[Saved entries]
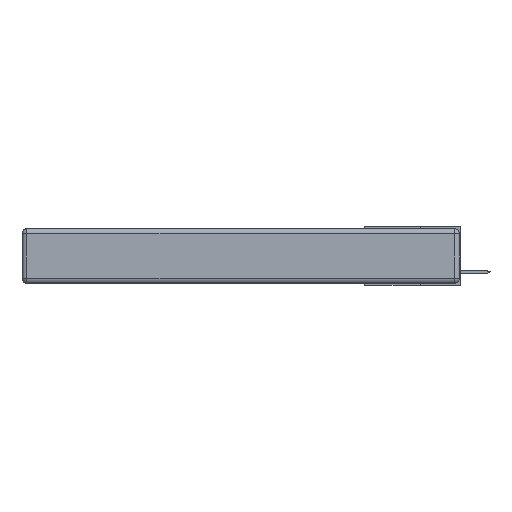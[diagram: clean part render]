
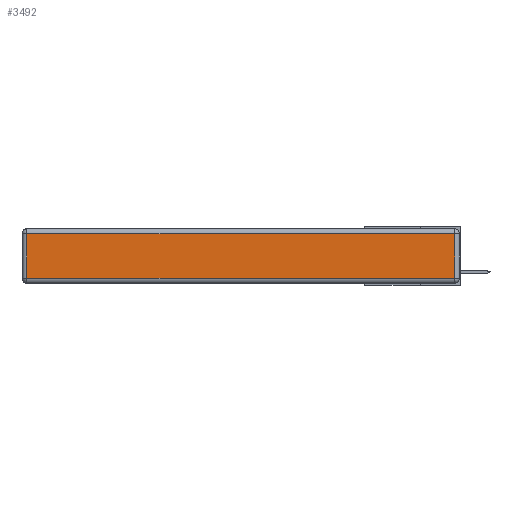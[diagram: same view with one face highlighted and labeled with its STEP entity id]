
A CAD part, left-side view. The second image highlights one B-rep face of the part: STEP entity #3492.
In plain terms, the highlighted planar face has unit normal (-1, 0, 0).
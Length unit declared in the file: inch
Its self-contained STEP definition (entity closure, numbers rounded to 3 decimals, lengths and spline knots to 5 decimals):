
#137 = PLANE ( 'NONE',  #10568 ) ;
#1184 = LINE ( 'NONE', #7209, #13727 ) ;
#1448 = DIRECTION ( 'NONE',  ( 0., 1., 0. ) ) ;
#2210 = LINE ( 'NONE', #18514, #19080 ) ;
#3492 = ADVANCED_FACE ( 'NONE', ( #3722 ), #137, .T. ) ;
#3722 = FACE_OUTER_BOUND ( 'NONE', #18327, .T. ) ;
#4653 = CARTESIAN_POINT ( 'NONE',  ( 0., 2.72, -0.313 ) ) ;
#5656 = EDGE_CURVE ( 'NONE', #17337, #14183, #11878, .T. ) ;
#6236 = EDGE_CURVE ( 'NONE', #7802, #17337, #2210, .T. ) ;
#6379 = DIRECTION ( 'NONE',  ( -1., 0., 0. ) ) ;
#7209 = CARTESIAN_POINT ( 'NONE',  ( 0., 0., -0.313 ) ) ;
#7802 = VERTEX_POINT ( 'NONE', #11388 ) ;
#7835 = EDGE_CURVE ( 'NONE', #14247, #7802, #1184, .T. ) ;
#9500 = CARTESIAN_POINT ( 'NONE',  ( 0., 0., -0.343 ) ) ;
#10568 = AXIS2_PLACEMENT_3D ( 'NONE', #9500, #6379, #13941 ) ;
#10683 = CARTESIAN_POINT ( 'NONE',  ( 0., 2.75, -0.03 ) ) ;
#11264 = LINE ( 'NONE', #12145, #13195 ) ;
#11388 = CARTESIAN_POINT ( 'NONE',  ( 0., 0.03, -0.313 ) ) ;
#11648 = CARTESIAN_POINT ( 'NONE',  ( 0., 2.72, -0.03 ) ) ;
#11878 = LINE ( 'NONE', #10683, #18140 ) ;
#12145 = CARTESIAN_POINT ( 'NONE',  ( 0., 2.72, -0.343 ) ) ;
#13195 = VECTOR ( 'NONE', #18476, 39.37008 ) ;
#13576 = EDGE_CURVE ( 'NONE', #14183, #14247, #11264, .T. ) ;
#13727 = VECTOR ( 'NONE', #19819, 39.37008 ) ;
#13823 = ORIENTED_EDGE ( 'NONE', *, *, #5656, .T. ) ;
#13941 = DIRECTION ( 'NONE',  ( 0., 0., 1. ) ) ;
#14183 = VERTEX_POINT ( 'NONE', #11648 ) ;
#14247 = VERTEX_POINT ( 'NONE', #4653 ) ;
#15812 = CARTESIAN_POINT ( 'NONE',  ( 0., 0.03, -0.03 ) ) ;
#17302 = ORIENTED_EDGE ( 'NONE', *, *, #7835, .T. ) ;
#17337 = VERTEX_POINT ( 'NONE', #15812 ) ;
#18140 = VECTOR ( 'NONE', #1448, 39.37008 ) ;
#18327 = EDGE_LOOP ( 'NONE', ( #17302, #18740, #13823, #19531 ) ) ;
#18476 = DIRECTION ( 'NONE',  ( 0., 0., -1. ) ) ;
#18514 = CARTESIAN_POINT ( 'NONE',  ( 0., 0.03, -0.343 ) ) ;
#18740 = ORIENTED_EDGE ( 'NONE', *, *, #6236, .T. ) ;
#19080 = VECTOR ( 'NONE', #19884, 39.37008 ) ;
#19531 = ORIENTED_EDGE ( 'NONE', *, *, #13576, .T. ) ;
#19819 = DIRECTION ( 'NONE',  ( 0., -1., 0. ) ) ;
#19884 = DIRECTION ( 'NONE',  ( 0., 0., 1. ) ) ;
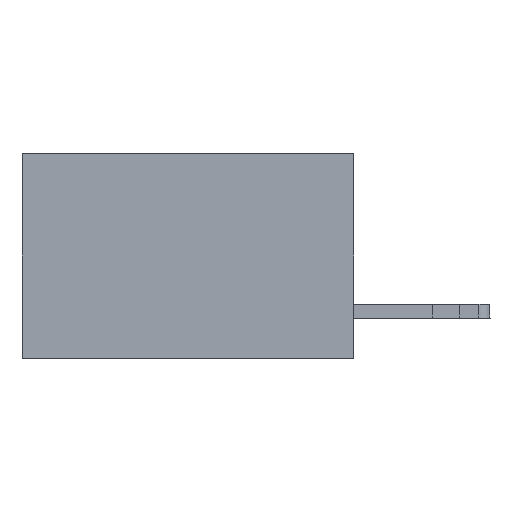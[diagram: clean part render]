
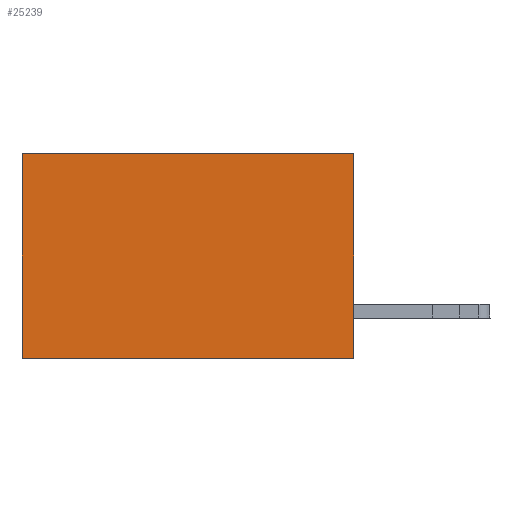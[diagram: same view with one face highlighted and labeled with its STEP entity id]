
A CAD part, left-side view. The second image highlights one B-rep face of the part: STEP entity #25239.
In plain terms, the highlighted planar face has unit normal (-1, 0, 0).
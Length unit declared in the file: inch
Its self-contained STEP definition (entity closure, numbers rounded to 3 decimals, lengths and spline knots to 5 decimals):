
#187 = CARTESIAN_POINT ( 'NONE',  ( 0.2875, 0., 0. ) ) ;
#932 = ORIENTED_EDGE ( 'NONE', *, *, #19520, .T. ) ;
#4324 = ORIENTED_EDGE ( 'NONE', *, *, #5385, .T. ) ;
#5385 = EDGE_CURVE ( 'NONE', #20059, #17305, #6596, .T. ) ;
#5770 = DIRECTION ( 'NONE',  ( 0., 0., -1. ) ) ;
#5909 = LINE ( 'NONE', #14781, #25769 ) ;
#6596 = LINE ( 'NONE', #14177, #13007 ) ;
#6869 = EDGE_LOOP ( 'NONE', ( #4324, #30924, #14343, #932 ) ) ;
#9972 = DIRECTION ( 'NONE',  ( 0., 1., 0. ) ) ;
#13007 = VECTOR ( 'NONE', #22269, 39.37008 ) ;
#13064 = CARTESIAN_POINT ( 'NONE',  ( 0.2875, 0., 0. ) ) ;
#14177 = CARTESIAN_POINT ( 'NONE',  ( 0.2875, 0.6, 0. ) ) ;
#14343 = ORIENTED_EDGE ( 'NONE', *, *, #33298, .F. ) ;
#14781 = CARTESIAN_POINT ( 'NONE',  ( 0.2875, 0., 0. ) ) ;
#15134 = CARTESIAN_POINT ( 'NONE',  ( 0.2875, 0., 0. ) ) ;
#17305 = VERTEX_POINT ( 'NONE', #30066 ) ;
#19274 = PLANE ( 'NONE',  #28130 ) ;
#19520 = EDGE_CURVE ( 'NONE', #23568, #20059, #20171, .T. ) ;
#20059 = VERTEX_POINT ( 'NONE', #27085 ) ;
#20171 = LINE ( 'NONE', #13064, #28131 ) ;
#21828 = VECTOR ( 'NONE', #9972, 39.37008 ) ;
#21959 = DIRECTION ( 'NONE',  ( 1., 0., 0. ) ) ;
#22269 = DIRECTION ( 'NONE',  ( 0., 0., -1. ) ) ;
#23470 = CARTESIAN_POINT ( 'NONE',  ( 0.2875, 0., -0.37 ) ) ;
#23568 = VERTEX_POINT ( 'NONE', #15134 ) ;
#25239 = ADVANCED_FACE ( 'NONE', ( #33997 ), #19274, .F. ) ;
#25769 = VECTOR ( 'NONE', #28260, 39.37008 ) ;
#27085 = CARTESIAN_POINT ( 'NONE',  ( 0.2875, 0.6, 0. ) ) ;
#28110 = LINE ( 'NONE', #34089, #21828 ) ;
#28130 = AXIS2_PLACEMENT_3D ( 'NONE', #187, #21959, #5770 ) ;
#28131 = VECTOR ( 'NONE', #31789, 39.37008 ) ;
#28260 = DIRECTION ( 'NONE',  ( 0., 0., -1. ) ) ;
#30066 = CARTESIAN_POINT ( 'NONE',  ( 0.2875, 0.6, -0.37 ) ) ;
#30099 = EDGE_CURVE ( 'NONE', #30727, #17305, #28110, .T. ) ;
#30727 = VERTEX_POINT ( 'NONE', #23470 ) ;
#30924 = ORIENTED_EDGE ( 'NONE', *, *, #30099, .F. ) ;
#31789 = DIRECTION ( 'NONE',  ( 0., 1., 0. ) ) ;
#33298 = EDGE_CURVE ( 'NONE', #23568, #30727, #5909, .T. ) ;
#33997 = FACE_OUTER_BOUND ( 'NONE', #6869, .T. ) ;
#34089 = CARTESIAN_POINT ( 'NONE',  ( 0.2875, 0., -0.37 ) ) ;
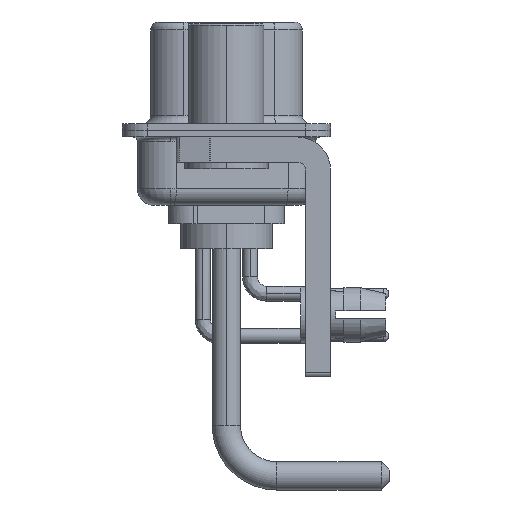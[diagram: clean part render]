
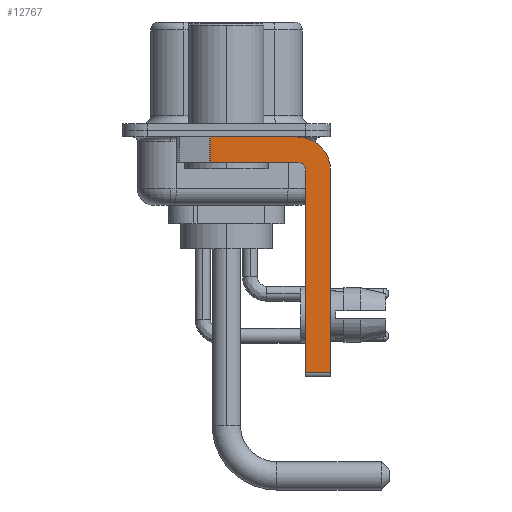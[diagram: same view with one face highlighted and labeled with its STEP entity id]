
A CAD part, left-side view. The second image highlights one B-rep face of the part: STEP entity #12767.
In plain terms, the highlighted planar face has unit normal (-1, 0, 0).
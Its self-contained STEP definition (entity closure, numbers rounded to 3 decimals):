
#344 = VERTEX_POINT ( 'NONE', #14644 ) ;
#461 = EDGE_CURVE ( 'NONE', #15562, #10984, #29038, .T. ) ;
#837 = DIRECTION ( 'NONE',  ( 0., 0., -1. ) ) ;
#932 = CARTESIAN_POINT ( 'NONE',  ( -2.9, 0.978, -0.4 ) ) ;
#1348 = AXIS2_PLACEMENT_3D ( 'NONE', #27870, #25569, #4590 ) ;
#1513 = CARTESIAN_POINT ( 'NONE',  ( -2.9, -6.25, -14.55 ) ) ;
#2080 = DIRECTION ( 'NONE',  ( 1., 0., 0. ) ) ;
#3046 = LINE ( 'NONE', #17313, #5725 ) ;
#3367 = EDGE_CURVE ( 'NONE', #344, #10984, #20576, .T. ) ;
#3541 = VERTEX_POINT ( 'NONE', #19028 ) ;
#4482 = CARTESIAN_POINT ( 'NONE',  ( -2.9, -4.25, -1.9 ) ) ;
#4590 = DIRECTION ( 'NONE',  ( 0., 0., 1. ) ) ;
#5611 = VERTEX_POINT ( 'NONE', #18747 ) ;
#5725 = VECTOR ( 'NONE', #5840, 1000. ) ;
#5840 = DIRECTION ( 'NONE',  ( 0., -1., 0. ) ) ;
#6320 = AXIS2_PLACEMENT_3D ( 'NONE', #25575, #13961, #23441 ) ;
#6622 = DIRECTION ( 'NONE',  ( 0., -1., 0. ) ) ;
#6838 = EDGE_CURVE ( 'NONE', #3541, #24848, #8712, .T. ) ;
#6897 = DIRECTION ( 'NONE',  ( 0., 0., 1. ) ) ;
#7316 = EDGE_LOOP ( 'NONE', ( #11675, #20937, #26530, #17389, #21303, #27498, #23822, #11618 ) ) ;
#7517 = EDGE_CURVE ( 'NONE', #15562, #11186, #29587, .T. ) ;
#8712 = LINE ( 'NONE', #27208, #22379 ) ;
#10984 = VERTEX_POINT ( 'NONE', #11531 ) ;
#11102 = DIRECTION ( 'NONE',  ( 0., 1., 0. ) ) ;
#11186 = VERTEX_POINT ( 'NONE', #13344 ) ;
#11475 = AXIS2_PLACEMENT_3D ( 'NONE', #18345, #2080, #24926 ) ;
#11493 = LINE ( 'NONE', #11806, #12526 ) ;
#11531 = CARTESIAN_POINT ( 'NONE',  ( -2.9, 0.978, -1.9 ) ) ;
#11618 = ORIENTED_EDGE ( 'NONE', *, *, #28785, .F. ) ;
#11675 = ORIENTED_EDGE ( 'NONE', *, *, #7517, .F. ) ;
#11806 = CARTESIAN_POINT ( 'NONE',  ( -2.9, -4.75, -14.8 ) ) ;
#12526 = VECTOR ( 'NONE', #6897, 1000. ) ;
#12767 = ADVANCED_FACE ( 'NONE', ( #13463 ), #16187, .F. ) ;
#13344 = CARTESIAN_POINT ( 'NONE',  ( -2.9, -4.25, -0.4 ) ) ;
#13463 = FACE_OUTER_BOUND ( 'NONE', #7316, .T. ) ;
#13725 = VECTOR ( 'NONE', #11102, 1000. ) ;
#13961 = DIRECTION ( 'NONE',  ( 1., 0., 0. ) ) ;
#14644 = CARTESIAN_POINT ( 'NONE',  ( -2.9, -4.25, -1.9 ) ) ;
#14907 = VECTOR ( 'NONE', #6622, 1000. ) ;
#15064 = CARTESIAN_POINT ( 'NONE',  ( -2.9, -4.75, -2.4 ) ) ;
#15562 = VERTEX_POINT ( 'NONE', #932 ) ;
#16187 = PLANE ( 'NONE',  #11475 ) ;
#16866 = VERTEX_POINT ( 'NONE', #15064 ) ;
#17313 = CARTESIAN_POINT ( 'NONE',  ( -2.9, -4.25, -14.55 ) ) ;
#17389 = ORIENTED_EDGE ( 'NONE', *, *, #27423, .F. ) ;
#17949 = EDGE_CURVE ( 'NONE', #5611, #24848, #3046, .T. ) ;
#18345 = CARTESIAN_POINT ( 'NONE',  ( -2.9, -4.25, -2.4 ) ) ;
#18747 = CARTESIAN_POINT ( 'NONE',  ( -2.9, -4.75, -14.55 ) ) ;
#19028 = CARTESIAN_POINT ( 'NONE',  ( -2.9, -6.25, -2.4 ) ) ;
#20576 = LINE ( 'NONE', #4482, #13725 ) ;
#20937 = ORIENTED_EDGE ( 'NONE', *, *, #461, .T. ) ;
#21303 = ORIENTED_EDGE ( 'NONE', *, *, #25072, .F. ) ;
#22379 = VECTOR ( 'NONE', #22770, 1000. ) ;
#22770 = DIRECTION ( 'NONE',  ( 0., 0., -1. ) ) ;
#23441 = DIRECTION ( 'NONE',  ( 0., 0., -1. ) ) ;
#23760 = VECTOR ( 'NONE', #837, 1000. ) ;
#23822 = ORIENTED_EDGE ( 'NONE', *, *, #6838, .F. ) ;
#23920 = CIRCLE ( 'NONE', #6320, 2. ) ;
#24848 = VERTEX_POINT ( 'NONE', #1513 ) ;
#24926 = DIRECTION ( 'NONE',  ( 0., 0., -1. ) ) ;
#25072 = EDGE_CURVE ( 'NONE', #5611, #16866, #11493, .T. ) ;
#25569 = DIRECTION ( 'NONE',  ( -1., 0., 0. ) ) ;
#25575 = CARTESIAN_POINT ( 'NONE',  ( -2.9, -4.25, -2.4 ) ) ;
#26530 = ORIENTED_EDGE ( 'NONE', *, *, #3367, .F. ) ;
#26738 = CARTESIAN_POINT ( 'NONE',  ( -2.9, 0.978, -1.9 ) ) ;
#27208 = CARTESIAN_POINT ( 'NONE',  ( -2.9, -6.25, -2.4 ) ) ;
#27423 = EDGE_CURVE ( 'NONE', #16866, #344, #27768, .T. ) ;
#27498 = ORIENTED_EDGE ( 'NONE', *, *, #17949, .T. ) ;
#27569 = CARTESIAN_POINT ( 'NONE',  ( -2.9, 3., -0.4 ) ) ;
#27768 = CIRCLE ( 'NONE', #1348, 0.5 ) ;
#27870 = CARTESIAN_POINT ( 'NONE',  ( -2.9, -4.25, -2.4 ) ) ;
#28785 = EDGE_CURVE ( 'NONE', #11186, #3541, #23920, .T. ) ;
#29038 = LINE ( 'NONE', #26738, #23760 ) ;
#29587 = LINE ( 'NONE', #27569, #14907 ) ;

Activity: Out of the data above, transcribe exactly and only the lines starting with the line that has "#1513 = CARTESIAN_POINT" and going on through the line that has "#12526 = VECTOR ( 'NONE', #6897, 1000. ) ;", both included.

Task response:
#1513 = CARTESIAN_POINT ( 'NONE',  ( -2.9, -6.25, -14.55 ) ) ;
#2080 = DIRECTION ( 'NONE',  ( 1., 0., 0. ) ) ;
#3046 = LINE ( 'NONE', #17313, #5725 ) ;
#3367 = EDGE_CURVE ( 'NONE', #344, #10984, #20576, .T. ) ;
#3541 = VERTEX_POINT ( 'NONE', #19028 ) ;
#4482 = CARTESIAN_POINT ( 'NONE',  ( -2.9, -4.25, -1.9 ) ) ;
#4590 = DIRECTION ( 'NONE',  ( 0., 0., 1. ) ) ;
#5611 = VERTEX_POINT ( 'NONE', #18747 ) ;
#5725 = VECTOR ( 'NONE', #5840, 1000. ) ;
#5840 = DIRECTION ( 'NONE',  ( 0., -1., 0. ) ) ;
#6320 = AXIS2_PLACEMENT_3D ( 'NONE', #25575, #13961, #23441 ) ;
#6622 = DIRECTION ( 'NONE',  ( 0., -1., 0. ) ) ;
#6838 = EDGE_CURVE ( 'NONE', #3541, #24848, #8712, .T. ) ;
#6897 = DIRECTION ( 'NONE',  ( 0., 0., 1. ) ) ;
#7316 = EDGE_LOOP ( 'NONE', ( #11675, #20937, #26530, #17389, #21303, #27498, #23822, #11618 ) ) ;
#7517 = EDGE_CURVE ( 'NONE', #15562, #11186, #29587, .T. ) ;
#8712 = LINE ( 'NONE', #27208, #22379 ) ;
#10984 = VERTEX_POINT ( 'NONE', #11531 ) ;
#11102 = DIRECTION ( 'NONE',  ( 0., 1., 0. ) ) ;
#11186 = VERTEX_POINT ( 'NONE', #13344 ) ;
#11475 = AXIS2_PLACEMENT_3D ( 'NONE', #18345, #2080, #24926 ) ;
#11493 = LINE ( 'NONE', #11806, #12526 ) ;
#11531 = CARTESIAN_POINT ( 'NONE',  ( -2.9, 0.978, -1.9 ) ) ;
#11618 = ORIENTED_EDGE ( 'NONE', *, *, #28785, .F. ) ;
#11675 = ORIENTED_EDGE ( 'NONE', *, *, #7517, .F. ) ;
#11806 = CARTESIAN_POINT ( 'NONE',  ( -2.9, -4.75, -14.8 ) ) ;
#12526 = VECTOR ( 'NONE', #6897, 1000. ) ;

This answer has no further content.